In April 2007, Suez Energy and Kuntur Gas Transport unveiled rival proposals for pipelines to carry Camisea gas to southern Peru.

==Controversy==
Law 27133 was amended by Supreme Decree 050-2005, 006-2006 and 031-2004, both given by the Ministry of Energy and Mines. Those rules were signed by Alejandro Toledo, Pedro Pablo Kuczynski and Jaime Quijandria. This conduct would be unconstitutional because the President would have issued a Supreme Decree (No. 050-2005 and 006-2006) in open distortion of the law (Law 27,133), thus violating Article 118 (paragraph 8) of the Constitution, rule setting corresponding to the president, exercising the power of regulating laws without violating or distorting. For the above irregularities are accused former officials of the crimes of extortion, collusion, unfair and abuse of authority.
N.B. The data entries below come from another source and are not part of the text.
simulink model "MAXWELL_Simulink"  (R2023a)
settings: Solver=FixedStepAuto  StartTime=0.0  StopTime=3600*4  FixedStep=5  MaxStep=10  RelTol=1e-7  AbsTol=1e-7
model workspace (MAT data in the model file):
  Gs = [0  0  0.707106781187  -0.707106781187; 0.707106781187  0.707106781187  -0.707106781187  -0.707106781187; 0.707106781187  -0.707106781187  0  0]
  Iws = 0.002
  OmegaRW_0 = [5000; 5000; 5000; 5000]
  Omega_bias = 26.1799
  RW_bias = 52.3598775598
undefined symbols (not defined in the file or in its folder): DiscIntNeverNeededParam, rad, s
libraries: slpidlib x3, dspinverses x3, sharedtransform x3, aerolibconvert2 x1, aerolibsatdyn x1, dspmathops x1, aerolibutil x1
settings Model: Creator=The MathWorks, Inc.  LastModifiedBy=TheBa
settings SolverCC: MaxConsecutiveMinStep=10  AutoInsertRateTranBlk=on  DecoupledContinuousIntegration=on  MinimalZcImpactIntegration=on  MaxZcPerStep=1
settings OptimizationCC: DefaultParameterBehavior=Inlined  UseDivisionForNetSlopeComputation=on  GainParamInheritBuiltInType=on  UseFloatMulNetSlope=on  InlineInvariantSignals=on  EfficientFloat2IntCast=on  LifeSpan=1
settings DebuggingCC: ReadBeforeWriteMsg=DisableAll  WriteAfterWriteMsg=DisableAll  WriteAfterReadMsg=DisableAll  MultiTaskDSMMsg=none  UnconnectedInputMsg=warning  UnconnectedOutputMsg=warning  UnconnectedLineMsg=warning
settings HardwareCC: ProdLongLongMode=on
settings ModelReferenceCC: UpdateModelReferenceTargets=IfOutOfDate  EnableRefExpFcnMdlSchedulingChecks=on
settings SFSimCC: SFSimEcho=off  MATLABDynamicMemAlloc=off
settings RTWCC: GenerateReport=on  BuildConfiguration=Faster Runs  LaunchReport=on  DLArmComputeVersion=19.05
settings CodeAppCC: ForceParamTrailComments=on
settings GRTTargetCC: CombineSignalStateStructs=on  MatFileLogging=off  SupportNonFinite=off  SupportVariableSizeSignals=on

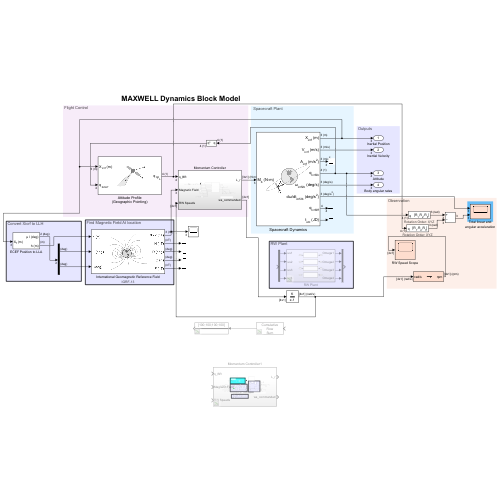
[thumbnail: Simulink's stored preview of the top-level diagram]
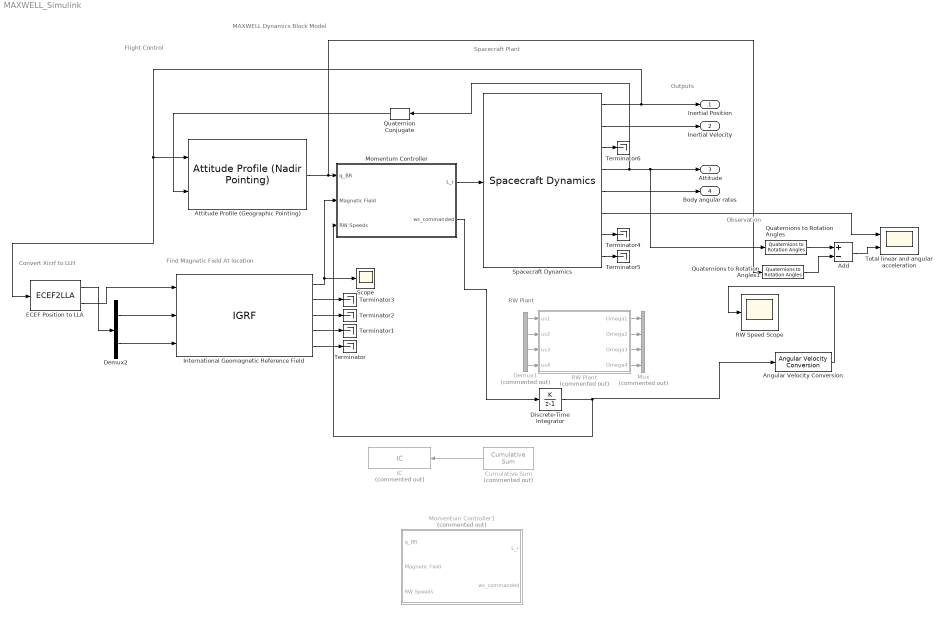
== system MAXWELL_Simulink ==
  note: RW Plant
  note: Convert Xicrf to LLH
  note: Flight Control
  note: Outputs
  note: Spacecraft Plant
  note: Observation
  note: MAXWELL Dynamics Block Model
  note: Find Magnetic Field At location
  Add : Sum  Inputs=+-
  Angular Velocity Conversion : aerolibconvert2/Angular Velocity Conversion  IU=rad/s  OU=rpm
  Attitude Profile (Geographic Pointing) : aerolibsatdyn/Attitude Profile (Nadir Pointing)  outputError=on  outputFinalAttitude=off  portFrame=ICRF  pointingMode=Point at nadir  celestialTarget=Sun  tunablePointing=off  primaryAlignmentSrc=Dialog  primaryAlignment=[0 0 1]  secondaryAlignmentSrc=Dialog  secondaryAlignment=[1 0 0]  constraintFrame=ICRF  primaryConstraintSrc=Dialog  primaryConstraint=[1 0 0]  secondaryConstraintSrc=Dialog  secondaryConstraint=[0 1 0]
      settings: LibrarySourceBlock=|
      | aerolibsatdyn/Attitude Profile
      | (Geographic Pointing)
  Cumulative Sum : dspmathops/Cumulative Sum  Commented=on  dim=Rows  reset_popup=None  roundingMode=Floor  overflowMode=off  outputDataTypeStr=Inherit: Same as accumulator  outputMin=[]  outputMax=[]  outputLastDataTypeStr=Inherit: Same as accumulator
  Demux1 : Demux  Commented=on
  Demux2 : Demux  Outputs=2
  Discrete-Time Integrator : DiscreteIntegrator  IntegratorMethod=Accumulation: Forward Euler  InitialCondition=[100;100;100;100]  SampleTime=-1  ICPrevOutput=DiscIntNeverNeededParam  ICPrevScaledInput=DiscIntNeverNeededParam
  ECEF Position to LLA : ECEF2LLA
  IC : InitialCondition  Commented=on  Value=[100;100;100;100]
  International Geomagnetic Reference Field : IGRF  time_in=off  month=January  day=1  year=2020  sv_out=off
      settings: AttributesFormatString=%<generation>
  Momentum Controller : Subsystem
  Momentum Controller1 : Subsystem  Commented=on
  Mux : Mux  Commented=on
  Quaternion Conjugate : aerolibutil/Quaternion Conjugate
  Quaternions to Rotation Angles : sharedtransform/Quaternions to Rotation Angles  rotationOrder=XYZ  aMode=aMode
  Quaternions to Rotation Angles1 : sharedtransform/Quaternions to Rotation Angles  rotationOrder=XYZ  aMode=aMode
  RW Plant : Subsystem  Commented=on
  RW Speed Scope : Scope
  Scope : Scope
  Spacecraft Dynamics : SpacecraftDynamics  forcesIn=off  outputAccel=on  startDate=2459216  mass=6  inertia=diag([10.5 8 6.75])  semiMajorAxis=6778140  eccentricity=0  inclination=20  raan=60  argPeriapsis=0  trueAnomaly=0  attitude=[0.0050 -0.5025 0.5025 -0.7035]  attitudeRate=[5 8 8]  outputAngAccel=on  outputTransform=on
  Terminator{,1..6} (7 alike) : Terminator
  Total linear and angular acceleration : Scope  NumInputPorts=2
  Inertial Position : Outport
  Inertial Velocity : Outport  Port=2
  Attitude : Outport  Port=3
  Body angular rates : Outport  Port=4
  wires:
  Spacecraft Dynamics/1 -> Inertial Position/1, Attitude Profile (Geographic Pointing)/1, ECEF Position to LLA/1
  Spacecraft Dynamics/4 -> Attitude/1, Quaternions to Rotation Angles/1, Quaternion Conjugate/1
  Quaternion Conjugate/1 -> Attitude Profile (Geographic Pointing)/2
  Spacecraft Dynamics/5 -> Body angular rates/1
  Demux1/1 -> RW Plant/1(us1)
  RW Plant/3(Omega3) -> Mux/3
  Demux1/3 -> RW Plant/3(us3)
  RW Plant/1(Omega1) -> Mux/1
  Demux1/4 -> RW Plant/4(us4)
  Demux1/2 -> RW Plant/2(us2)
  RW Plant/4(Omega4) -> Mux/4
  RW Plant/2(Omega2) -> Mux/2
  ECEF Position to LLA/2 -> International Geomagnetic Reference Field/1
  ECEF Position to LLA/1 -> Demux2/1
  Demux2/1 -> International Geomagnetic Reference Field/2
  Demux2/2 -> International Geomagnetic Reference Field/3
  International Geomagnetic Reference Field/1 -> Scope/1, Momentum Controller/2(Magnetic Field)
  Momentum Controller/1(L_r) -> Spacecraft Dynamics/1
  International Geomagnetic Reference Field/5 -> Terminator/1
  International Geomagnetic Reference Field/4 -> Terminator1/1
  International Geomagnetic Reference Field/3 -> Terminator2/1
  International Geomagnetic Reference Field/2 -> Terminator3/1
  Spacecraft Dynamics/7 -> Terminator4/1
  Spacecraft Dynamics/2 -> Inertial Velocity/1
  Attitude Profile (Geographic Pointing)/1 -> Quaternions to Rotation Angles1/1, Momentum Controller/1(q_BR)
  Spacecraft Dynamics/6 -> Total linear and angular acceleration/1
  Angular Velocity Conversion/1 -> RW Speed Scope/1
  Spacecraft Dynamics/3 -> Terminator6/1
  Spacecraft Dynamics/8 -> Terminator5/1
  Cumulative Sum/1 -> IC/1
  Momentum Controller/2(ws_commanded) -> Discrete-Time Integrator/1
  Discrete-Time Integrator/1 -> Momentum Controller/3(RW Speeds), Angular Velocity Conversion/1
  Quaternions to Rotation Angles/1 -> Add/1
  Add/1 -> Total linear and angular acceleration/2
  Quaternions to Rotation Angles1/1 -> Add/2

Under Article 384 of the Criminal Code sets out the demand-MEM-which makes the proper functional performance of public officials, is to ensure that interests of the State ", but" the conduct of former president and former minister (Clodomiro Sanchez) to allow modification of operation contracts for Block 88 that rule violated the Criminal Code. Under Article 376 of the Penal Code, abusive behavior is to violate the normative basis using the position that the subject (official) supports. This is arbitrary distorting an Act (27 133) through a Supreme Decree (050-2005 and 006-2006).

As of March 2006 there had been five spills along the pipeline. The latest one occurred on 4 March 2006, resulting in three injuries.

The UN has called for the "immediate suspension" of any plans to expand the Camisea Gas project, due to the high likelihood that by further intrusion into the Nahua-Nanti Reserve, several uncontacted and isolated tribes who live in the territory could be placed at risk of disease and death, as well as extreme scarcity brought on by disruption to game animals. The territory also serves as a buffer zone for Manu National Park, considered by UNESCO to be "the most biodiverse place on earth." Despite these concerns, an independent panel established by the Ex-Im Bank of the United States concluded, after five years of multi-disciplinary research, that the Camisea project has adhered to high environmental and social standards, and that its economic impact has been fundamental for Peru's economic growth.